Osmanlıdan günümüze ilaç, nitelikli silah ve teknoloji üretemiyoruz. Dünyadan geri kalmamak için ilaçtan aşıya, uçaktan yazılıma bunları ithal etmek zorunda kalıyoruz. Üzüm incir satarak faturayı ödeyemediğimiz için borçlanıyoruz. Borç alan sonunda emir alır veya yıkılır. Milyarlarca dolarlık ilaç ve teknoloji ithalatı, dövizi dışarı pompalarken cari açığı artırıyor. Bu kadar harcamaya hazine olsa dayanmaz. Harcamalar 4-5 kanaldan yapıldığı için gerçek harcamayı kimse bilmiyor. SGK, Üniversiteler, Özel hastaneler, halkın kişisel harcamaları. 2023 yılı sağlık sektörü büyüklüğü 170 milyar dolar olarak hesaplanıyor. Sadece kanser ilaçlarına giden para geçen yıl 5 milyar TL. Bu yıl çok pahalı ilaçlar da ödemeye girdi. Fatura giderek artacak. Hastalık faturasını ödemek giderek zorlaşıyor. Milli kongrelerle ilaç ve teknoloji üretiminin yolu açılabilirse, bu devrim doğal pazarımız olan 2 milyarlık Türk İslam alemi ve Türkiye için kurtuluş olabilir. Milli üretimle birlikte sağlık turizmi cari açığı kapatacaktır. 60 tane araştırma hastanesi var ama hepsi de tabelada araştırma. Akademiye çok iş düşüyor. Ama önce akademiyi yabancı ilaç ve teknolojinin reklam ve pazarlamasını yapmaktan kurtarmak gerekiyor.

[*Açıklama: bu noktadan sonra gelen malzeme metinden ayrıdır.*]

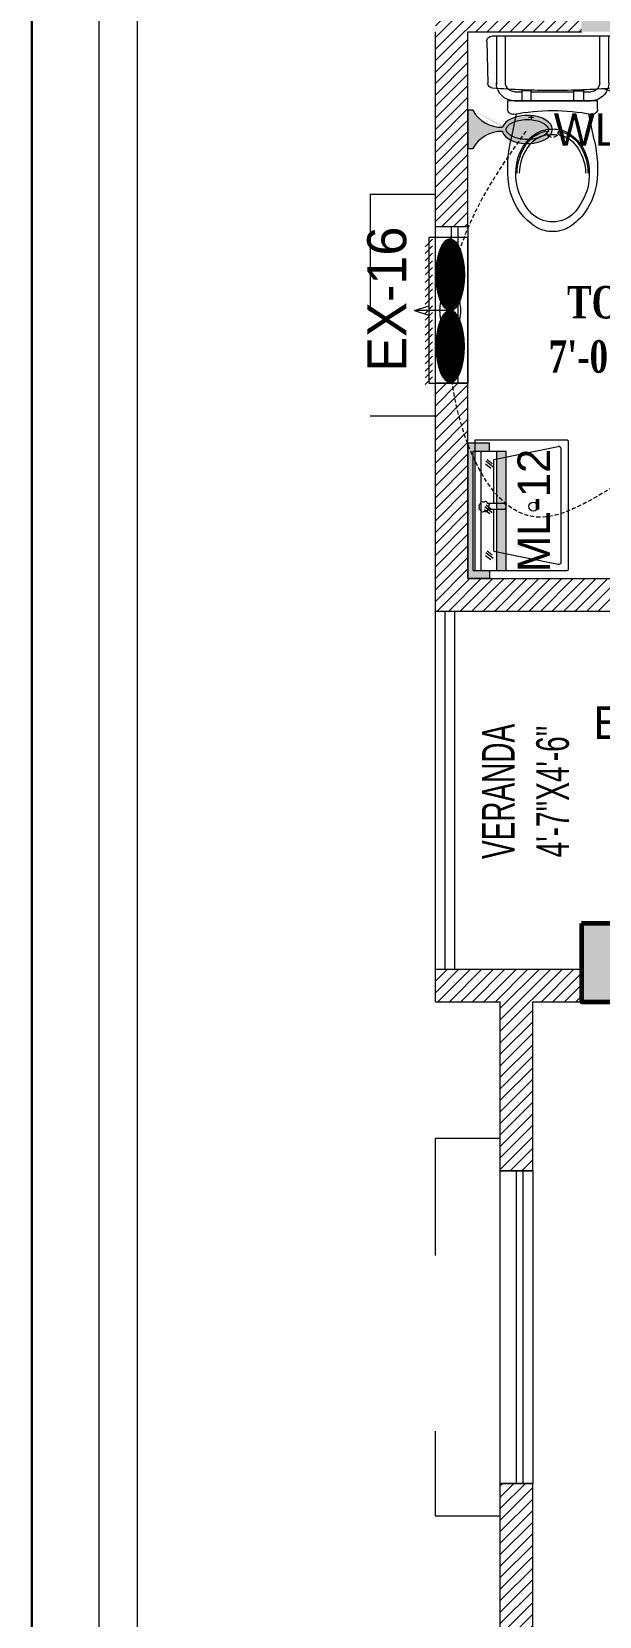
# Model space of a CAD drawing. Header units: inches. Extents: x 109699 to 44449955, y -10987 to 15824140.
# Drawn here: x 195930 to 196017.2, y -3763.8 to -3520.4 of the extents above; entities that cross this region are included whole.
import ezdxf

# ---------------------------------------------------------------- set-up
doc = ezdxf.new("R2010")
doc.units = ezdxf.units.IN
doc.header["$LTSCALE"] = 5
doc.header["$MEASUREMENT"] = 0
doc.linetypes.add('ACAD_ISO03W100', pattern=[30, 12, -18])
doc.linetypes.add('DASHED2', pattern=[0.375, 0.25, -0.125])
doc.layers.get('0').update_dxf_attribs({"color": 123})
for name, color, linetype, lineweight in [('@NORMAL', 7, 'Continuous', 5), ('cloumn', 253, 'Continuous', 60), ('dotted', 8, 'ACAD_ISO03W100', 5), ('E-Con-Point', 5, 'DASHED2', 13), ('E-ES-Energy Saver-Light', 140, 'Continuous', 13), ('E-EX-Exhaust-Fan', 190, 'Continuous', 13), ('E-ML-Mirror-Light', 6, 'Continuous', 13), ('E-WL-Wall-Light', 232, 'Continuous', 15), ('fixture', 255, 'Continuous', 0), ('glass', 140, 'Continuous', 18), ('ha', 252, 'Continuous', 5), ('WALL-1', 8, 'Continuous', 9)]:
    doc.layers.add(name, color=color, linetype=linetype, lineweight=lineweight)
doc.layers.add('T', color=8, linetype='Continuous')
doc.styles.get("Standard").update_dxf_attribs({"font": 'times.ttf'})
doc.styles.add('style2', font='ARIALN.TTF', dxfattribs={"width": 0.75, "height": 3})
pattern_1 = [(44.99999999999989, (142732.3835256985, 2531118.532197352), (-0.8838834764831833, 0.8838834764831855), [])]

# ---------------------------------------------------------------- blocks, each defined once
blk = doc.blocks.new('zxczxczxcz')
at = {"layer": '@NORMAL'}
for points in [[(177327.5446916085, -15450.10043627545), (175295.1813820154, -15450.10043627545), (175295.1813820154, -14276.83252409846), (177327.5446916085, -14276.83252409846)], [(177319.9075666944, -15442.46331136129), (175302.8185069296, -15442.46331136129), (175302.8185069296, -14284.46964901264), (177319.9075666944, -14284.46964901264)]]:
    blk.add_lwpolyline(points, close=True, dxfattribs=at)
at = {"layer": 'WALL-1', "lineweight": 30}
blk.add_lwpolyline([(177340.9096602083, -15463.46540487523), (175281.8164134157, -15463.46540487523), (175281.8164134157, -14263.46755549865), (177340.9096602083, -14263.46755549865)], close=True, dxfattribs=at)
blk = doc.blocks.new('coloumn-01')
at = {"layer": 'ha'}
h = blk.add_hatch(dxfattribs=at)
h.set_pattern_fill('AR-CONC', color=256, scale=0.5)
h.set_pattern_definition([(49.99999999999999, (0, 0), (3.586300913003767, -0.3137606749129755), [0.375, -4.125]), (355, (0, 0), (-0.693756668065, 3.760960668500059), [0.3, -3.3]), (100.45144446, (0.298858405, -0.02614672), (2.89254423363556, 3.447199954843147), [0.3187009599999999, -3.505710559999999]), (46.18420000000001, (0, 1), (5.336206653357862, -0.8275964039653827), [0.5625, -6.1875]), (96.63563549, (0.444683725, 0.931033465), (4.673309728371142, 4.870593003872752), [0.47805171, -5.258568799999999]), (351.1841639899999, (0, 1), (4.673309725273866, 4.870593001349951), [0.45, -4.950000005]), (21, (0.5, 0.75), (2.984535260592308, -2.013094453326694), [0.375, -4.125]), (326.0000000000001, (0.5, 0.75), (1.216576659607909, 3.625750225234265), [0.3, -3.3]), (71.45144474, (0.74871127, 0.58224213), (4.201111883649856, 1.612655764031769), [0.31870095, -3.50571056]), (37.50000000000001, (0, 0), (0.06079927658645334, 1.664469269156557), [0, -3.26, 0, -3.35, 0, -3.3125]), (7.499999999999999, (0, 0), (1.315347687210743, 1.972058559411801), [0, -1.91, 0, -3.185, 0, -1.2625]), (327.5, (-1.115, 0), (2.669112180862045, -0.1127743586718988), [0, -1.25, 0, -3.9, 0, -5.175]), (317.5, (-1.615, 0), (2.915930846711931, 0.5005249116615886), [0, -1.625, 0, -2.59, 0, -3.675])])
h.paths.add_polyline_path([(32128.44739975178, -2546319.049243456), (32092.44739975178, -2546319.049243456), (32092.44739975178, -2546331.049243456), (32128.44739975178, -2546331.049243456)])
h.paths.add_polyline_path([(32128.44739975189, -2546617.132962178), (32098.44739975189, -2546617.132962178), (32098.44739975189, -2546629.132962178), (32128.44739975189, -2546629.132962178)])
h.paths.add_polyline_path([(31978.51966727065, -2546605.132962178), (31966.51966727065, -2546605.132962178), (31966.51966727065, -2546635.132962178), (31978.51966727065, -2546635.132962178)])
h.paths.add_polyline_path([(31821.20333333506, -2546605.132962178), (31809.20333333506, -2546605.132962178), (31809.20333333506, -2546635.132962178), (31821.20333333506, -2546635.132962178)])
h.paths.add_polyline_path([(31689.20328743063, -2546611.133238418), (31677.20328743063, -2546611.133238418), (31677.20328743063, -2546635.133238418), (31689.20328743063, -2546635.133238418)])
h.paths.add_polyline_path([(31417.20347832461, -2546611.132962178), (31405.20347832461, -2546611.132962178), (31405.20347832461, -2546635.132962178), (31417.20347832461, -2546635.132962178)])
h.paths.add_polyline_path([(31435.20347912709, -2546415.348983645), (31405.20347912709, -2546415.348983645), (31405.20347912709, -2546427.348983645), (31435.20347912709, -2546427.348983645)])
h.paths.add_polyline_path([(31633.74647668525, -2546415.348983645), (31603.74647668525, -2546415.348983645), (31603.74647668525, -2546427.348983645), (31633.74647668525, -2546427.348983645)])
h.paths.add_polyline_path([(31821.20245073218, -2546319.049243455), (31809.20245073218, -2546319.049243455), (31809.20245073218, -2546349.049243455), (31821.20245073218, -2546349.049243455)])
h.paths.add_polyline_path([(31996.51966727068, -2546319.049243455), (31966.51966727068, -2546319.049243455), (31966.51966727068, -2546331.049243455), (31996.51966727068, -2546331.049243455)])
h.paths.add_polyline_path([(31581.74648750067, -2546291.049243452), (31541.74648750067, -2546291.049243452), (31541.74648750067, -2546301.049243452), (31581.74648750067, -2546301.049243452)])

3. Ülkemiz ekonomik savaşla teslim alınmak isteniyor. Bu savaşta direnmenin yegane yolu, tasarrufları milli hedeflere yönelten Tokgözlü toplum modelidir. Beslenmeden sosyal yaşama kadar geleneksel, milli ve sağlıklı yaşam tarzına geçilmesi milli kültür devrimidir, en büyük zihinsel devrimdir. Türkiye ve insanlığın kurtuluşu, Anadolu erenlerinin karıncayı incitmeyen, küresel ısınmaya yol açmayan gönül anlayışında. Bu anlayışı dünyaya sunacak aydınımız, dünya ve insanlığı kan revan içinde bırakan, hasta eden anlayışın peşinden koşuyor, ondan medet umuyor.

MİLLİ SEFERBERLİK ŞART 

Küresel ekonomik savaşın hedefi Türkiyeyi çökertmek. Bunun için önce halkı yokluğa mahkum edecekler. Dükkanlar, marketler, eczaneler boşalacak. İlaç ve ameliyat malzemelerine muhtaç edecekler. Düşman benzin, yağ karaborsası ile milli iradeyi yıpratmayı planlıyor. Dünyayı ve bölgeyi çöle çevirecek kriz tezgahlıyor. Bu savaşın sonunda ; Türkiyenin İMF'ye teslim olması tezgahlanıyor.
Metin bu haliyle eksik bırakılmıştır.